Australian Chamber Orchestra, Tognetti, Milton Court review - from Beethoven to didgeridoo | reviews, news & interviews
Australian Chamber Orchestra, Tognetti, Milton Court review - from Beethoven to didgeridoo
Australian Chamber Orchestra, Tognetti, Milton Court review - from Beethoven to didgeridoo
Combining indigenous Australian music with reimagined European classics
I’ve not heard a didgeridoo in concert before so was grateful to the Australian Chamber Orchestra for giving me the opportunity, as part of a busy programme at Milton Court last night.
The ACO has a reputation for innovative programming and last night’s was a good example. The eclectic range of music on offer had several strands – perhaps too many for complete coherence? – but the playing was excellent and the evening raced by. Given the programme clearly reflected the individual passions of the artistic director, I would have welcomed Tognetti speaking about the pieces he chose – I am increasingly of the view that performers speaking to their audience is a Good Thing and should happen more.
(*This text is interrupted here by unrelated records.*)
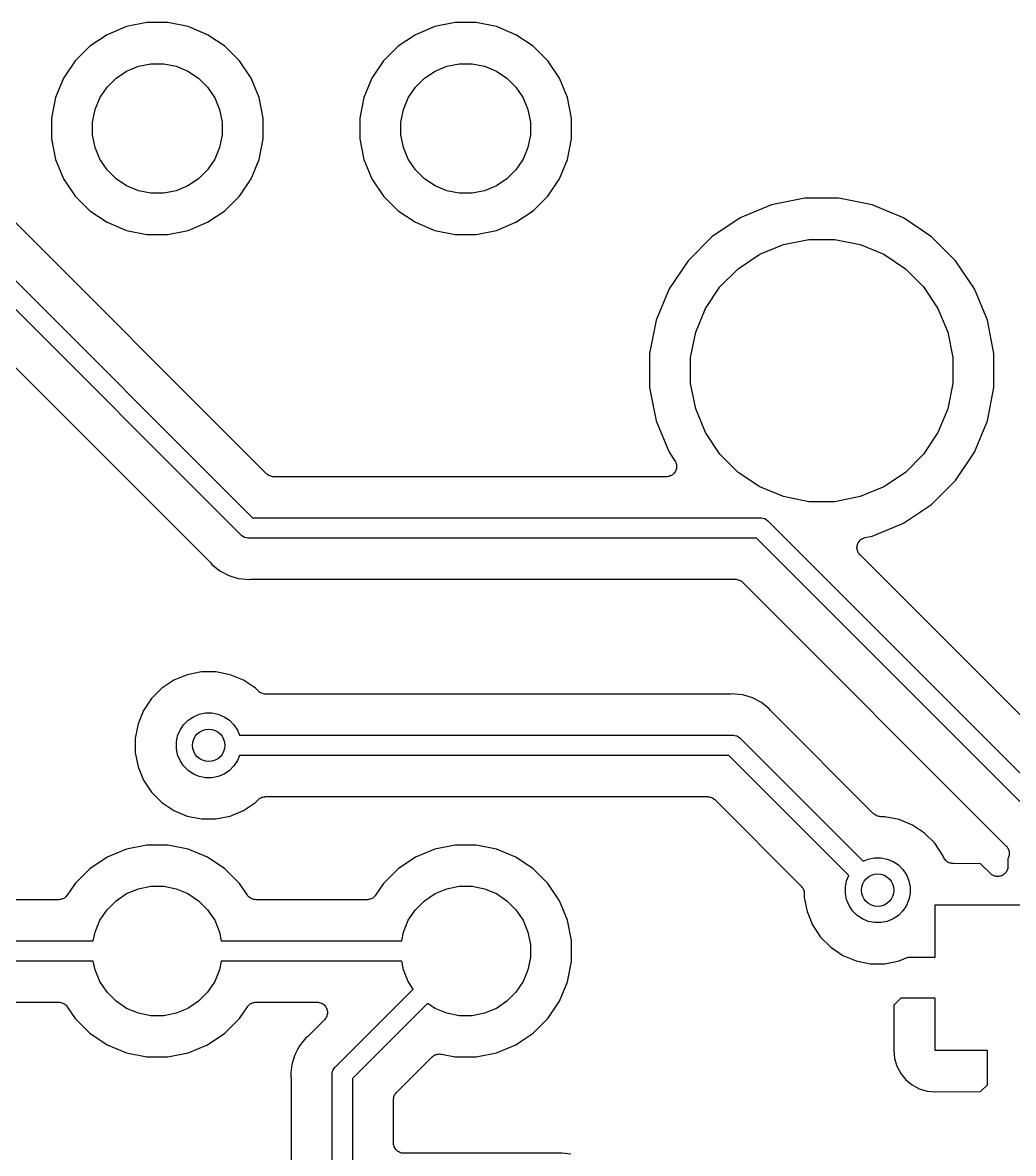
# Model space of a CAD drawing. Extents: x 19 to 115, y -142 to -17.
# Drawn here: x 40.25 to 52.49, y -119.34 to -105.37 of the extents above; entities that cross this region are included whole.
import ezdxf

# ---------------------------------------------------------------- set-up
doc = ezdxf.new("R2010")
doc.units = 0
doc.layers.add('BLACK', color=7, linetype='CONTINUOUS')

msp = doc.modelspace()

# ---------------------------------------------------------------- linework, layer by layer
at = {"layer": 'BLACK', "linetype": 'CONTINUOUS'}
for p, q in [((41.5285, -105.422), (41.2904, -105.521)), ((41.7812, -105.372), (41.5285, -105.422)), ((42.0388, -105.372), (41.7812, -105.372)), ((42.2915, -105.422), (42.0388, -105.372)), ((42.5296, -105.521), (42.2915, -105.422)), ((45.3385, -105.422), (45.1004, -105.521)), ((45.5912, -105.372), (45.3385, -105.422)), ((45.8488, -105.372), (45.5912, -105.372)), ((46.1015, -105.422), (45.8488, -105.372)), ((46.3396, -105.521), (46.1015, -105.422)), ((41.2904, -105.521), (41.0762, -105.664)), ((42.7438, -105.664), (42.5296, -105.521)), ((45.1004, -105.521), (44.8862, -105.664)), ((46.5538, -105.664), (46.3396, -105.521)), ((41.0762, -105.664), (40.894, -105.846)), ((42.926, -105.846), (42.7438, -105.664)), ((44.8862, -105.664), (44.704, -105.846)), ((46.736, -105.846), (46.5538, -105.664)), ((40.894, -105.846), (40.7509, -106.06)), ((41.6766, -105.911), (41.8312, -105.88)), ((41.8312, -105.88), (41.9888, -105.88)), ((41.9888, -105.88), (42.1434, -105.911)), ((43.0691, -106.06), (42.926, -105.846)), ((44.704, -105.846), (44.5609, -106.06)), ((45.4866, -105.911), (45.6412, -105.88)), ((45.6412, -105.88), (45.7988, -105.88)), ((45.7988, -105.88), (45.9534, -105.911)), ((46.8791, -106.06), (46.736, -105.846)), ((41.4, -106.059), (41.5311, -105.971)), ((41.5311, -105.971), (41.6766, -105.911)), ((42.1434, -105.911), (42.2889, -105.971)), ((42.2889, -105.971), (42.42, -106.059)), ((45.21, -106.059), (45.3411, -105.971)), ((45.3411, -105.971), (45.4866, -105.911)), ((45.9534, -105.911), (46.0989, -105.971)), ((46.0989, -105.971), (46.23, -106.059)), ((40.7509, -106.06), (40.6523, -106.298)), ((41.2886, -106.17), (41.4, -106.059)), ((42.42, -106.059), (42.5314, -106.17)), ((43.1677, -106.298), (43.0691, -106.06)), ((44.5609, -106.06), (44.4623, -106.298)), ((45.0986, -106.17), (45.21, -106.059)), ((46.23, -106.059), (46.3414, -106.17)), ((46.9777, -106.298), (46.8791, -106.06)), ((40.6523, -106.298), (40.602, -106.551)), ((41.201, -106.301), (41.2886, -106.17)), ((42.5314, -106.17), (42.619, -106.301)), ((43.218, -106.551), (43.1677, -106.298)), ((44.4623, -106.298), (44.412, -106.551)), ((45.011, -106.301), (45.0986, -106.17)), ((46.3414, -106.17), (46.429, -106.301)), ((47.028, -106.551), (46.9777, -106.298)), ((41.1407, -106.447), (41.201, -106.301)), ((42.619, -106.301), (42.6793, -106.447)), ((44.9507, -106.447), (45.011, -106.301)), ((46.429, -106.301), (46.4893, -106.447)), ((40.602, -106.551), (40.602, -106.809)), ((41.11, -106.601), (41.1407, -106.447)), ((42.6793, -106.447), (42.71, -106.601)), ((43.218, -106.809), (43.218, -106.551)), ((44.412, -106.551), (44.412, -106.809)), ((44.92, -106.601), (44.9507, -106.447)), ((46.4893, -106.447), (46.52, -106.601)), ((47.028, -106.809), (47.028, -106.551)), ((41.11, -106.759), (41.11, -106.601)), ((42.71, -106.601), (42.71, -106.759)), ((44.92, -106.759), (44.92, -106.601)), ((46.52, -106.601), (46.52, -106.759)), ((40.602, -106.809), (40.6523, -107.062)), ((41.1407, -106.913), (41.11, -106.759)), ((42.71, -106.759), (42.6793, -106.913)), ((43.1677, -107.062), (43.218, -106.809)), ((44.412, -106.809), (44.4623, -107.062)), ((44.9507, -106.913), (44.92, -106.759)), ((46.52, -106.759), (46.4893, -106.913)), ((46.9777, -107.062), (47.028, -106.809)), ((41.201, -107.059), (41.1407, -106.913)), ((42.6793, -106.913), (42.619, -107.059)), ((45.011, -107.059), (44.9507, -106.913)), ((46.4893, -106.913), (46.429, -107.059)), ((43.26, -110.945), (39.4089, -107.094)), ((40.6523, -107.062), (40.7509, -107.3)), ((41.2886, -107.19), (41.201, -107.059)), ((42.619, -107.059), (42.5314, -107.19)), ((43.0691, -107.3), (43.1677, -107.062)), ((44.4623, -107.062), (44.5609, -107.3)), ((45.0986, -107.19), (45.011, -107.059)), ((46.429, -107.059), (46.3414, -107.19)), ((46.8791, -107.3), (46.9777, -107.062)), ((38.7476, -107.151), (43.0868, -111.49)), ((41.4, -107.301), (41.2886, -107.19)), ((42.5314, -107.19), (42.42, -107.301)), ((45.21, -107.301), (45.0986, -107.19)), ((46.3414, -107.19), (46.23, -107.301)), ((42.9423, -111.699), (38.5708, -107.328)), ((40.7509, -107.3), (40.894, -107.514)), ((41.5311, -107.389), (41.4, -107.301)), ((41.6766, -107.449), (41.5311, -107.389)), ((42.2889, -107.389), (42.1434, -107.449)), ((42.42, -107.301), (42.2889, -107.389)), ((42.926, -107.514), (43.0691, -107.3)), ((44.5609, -107.3), (44.704, -107.514)), ((45.3411, -107.389), (45.21, -107.301)), ((45.4866, -107.449), (45.3411, -107.389)), ((46.0989, -107.389), (45.9534, -107.449)), ((46.23, -107.301), (46.0989, -107.389)), ((46.736, -107.514), (46.8791, -107.3)), ((40.894, -107.514), (41.0762, -107.696)), ((41.8312, -107.48), (41.6766, -107.449)), ((41.9888, -107.48), (41.8312, -107.48)), ((42.1434, -107.449), (41.9888, -107.48)), ((42.7438, -107.696), (42.926, -107.514)), ((44.704, -107.514), (44.8862, -107.696)), ((45.6412, -107.48), (45.4866, -107.449)), ((45.7988, -107.48), (45.6412, -107.48)), ((45.9534, -107.449), (45.7988, -107.48)), ((46.5538, -107.696), (46.736, -107.514)), ((49.9104, -107.542), (49.4993, -107.624)), ((50.3296, -107.542), (49.9104, -107.542)), ((50.7407, -107.624), (50.3296, -107.542)), ((41.0762, -107.696), (41.2904, -107.839)), ((42.5296, -107.839), (42.7438, -107.696)), ((44.8862, -107.696), (45.1004, -107.839)), ((46.3396, -107.839), (46.5538, -107.696)), ((49.4993, -107.624), (49.112, -107.784)), ((51.128, -107.784), (50.7407, -107.624)), ((49.112, -107.784), (48.7635, -108.017)), ((51.4765, -108.017), (51.128, -107.784)), ((41.2904, -107.839), (41.5285, -107.938)), ((41.5285, -107.938), (41.7812, -107.988)), ((42.0388, -107.988), (42.2915, -107.938)), ((42.2915, -107.938), (42.5296, -107.839)), ((45.1004, -107.839), (45.3385, -107.938)), ((45.3385, -107.938), (45.5912, -107.988)), ((45.8488, -107.988), (46.1015, -107.938)), ((46.1015, -107.938), (46.3396, -107.839)), ((38.5137, -107.989), (42.561, -112.036)), ((41.7812, -107.988), (42.0388, -107.988)), ((45.5912, -107.988), (45.8488, -107.988)), ((48.7635, -108.017), (48.4671, -108.313)), ((49.3526, -108.234), (49.6475, -108.112)), ((49.6475, -108.112), (49.9604, -108.05)), ((49.9604, -108.05), (50.2796, -108.05)), ((50.2796, -108.05), (50.5925, -108.112)), ((50.5925, -108.112), (50.8874, -108.234)), ((51.7729, -108.313), (51.4765, -108.017)), ((49.0873, -108.412), (49.3526, -108.234)), ((50.8874, -108.234), (51.1527, -108.412)), ((48.4671, -108.313), (48.2342, -108.662)), ((52.0058, -108.662), (51.7729, -108.313)), ((48.8617, -108.637), (49.0873, -108.412)), ((51.1527, -108.412), (51.3783, -108.637)), ((48.2342, -108.662), (48.0738, -109.049)), ((48.6844, -108.903), (48.8617, -108.637)), ((51.3783, -108.637), (51.5556, -108.903)), ((52.1662, -109.049), (52.0058, -108.662)), ((48.5623, -109.197), (48.6844, -108.903)), ((51.5556, -108.903), (51.6777, -109.197)), ((48.0738, -109.049), (47.992, -109.46)), ((52.248, -109.46), (52.1662, -109.049)), ((48.5, -109.51), (48.5623, -109.197)), ((51.6777, -109.197), (51.74, -109.51)), ((47.992, -109.46), (47.992, -109.88)), ((48.5, -109.83), (48.5, -109.51)), ((51.74, -109.51), (51.74, -109.83)), ((52.248, -109.88), (52.248, -109.46)), ((47.992, -109.88), (48.0738, -110.291)), ((48.5623, -110.143), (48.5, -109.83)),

Barton and his didgeridoo came first, in two of his own compositions, Didge Fusion and Hypersonic. The first saw him playing the guitar and singing, gradually joined by the ensemble, before switching to didgeridoo for the second section of the piece. He moved to a bigger instrument for the second piece, which grabbed me rather more, Barton and his instrument acting as a kind of giant beatbox, adding both percussion and resonance to the active string music. It felt a shame that a mere ten minutes into the concert we had had all we were going to get of him.There was plenty else to come. Tom Adès’s Shanty – Over the Sea was, like the other recent Adès I have heard, cut from simpler cloth than the bells and whistles of his early music. It eschewed his customary metrical fun-and-games, having a pulse virtually throughout, on bass and cello (perhaps a nod to the ACO not having a conductor). It followed an Adés archetype by starting out in the most straightforward terms, before expanding to a teeming climax that reminded me of Tippett. I enjoyed it – but wasn’t quite sure how it fitted into the programme.
The theme elsewhere was music reimagined for string ensemble. Perhaps the highlight of the whole concert was Ruth Crawford Seeger’s Andante, an arrangement of a movement from her string quartet of 1930. Its pulsing, swelling chords, opening out from clusters to a broader harmony through the music’s five minute span sounded essentially modern despite being nearly a century old. Astringent, but deliciously so. Alongside that George Walker’s Lyric for Strings, similarly expanded from a quartet, with its obvious nods to the Barber Adagio, lacked that piece’s depth. Tognetti wisely kept it moving, no wallowing allowed.
The two centrepieces were also adaptions. Janáček’s Kreutzer Sonata quartet, in string orchestra garb, was overflowing with drama, but the arrangement, although making the big moments bigger, lost the individuated angst of the quartet original. I loved Tognetti’s beseeching solo in the fourth movement, questioning phrases to which the ensemble never quite give an answer.
Beethoven’s Violin Sonata no.9, traditionally known as the Kreutzer, was here renamed by Tognetti as the Bridgetower, in honour of its originally intended dedicatee, the black British violinist George Bridgetower. He gave the first performance and only had his name removed from the title page after falling out with Beethoven over a woman. Tognetti’s arrangement played up the violin concerto aspect of the music, and the reimagining of the piano part for strings was stylishly done. It also made it sound less Beethoveny – maybe because Beethoven just didn’t write for string orchestra. Tognetti was by turns heroic and pensive, charmingly mercurial, leading the way as the very fast, ferocious finale raced to an irresistible ending.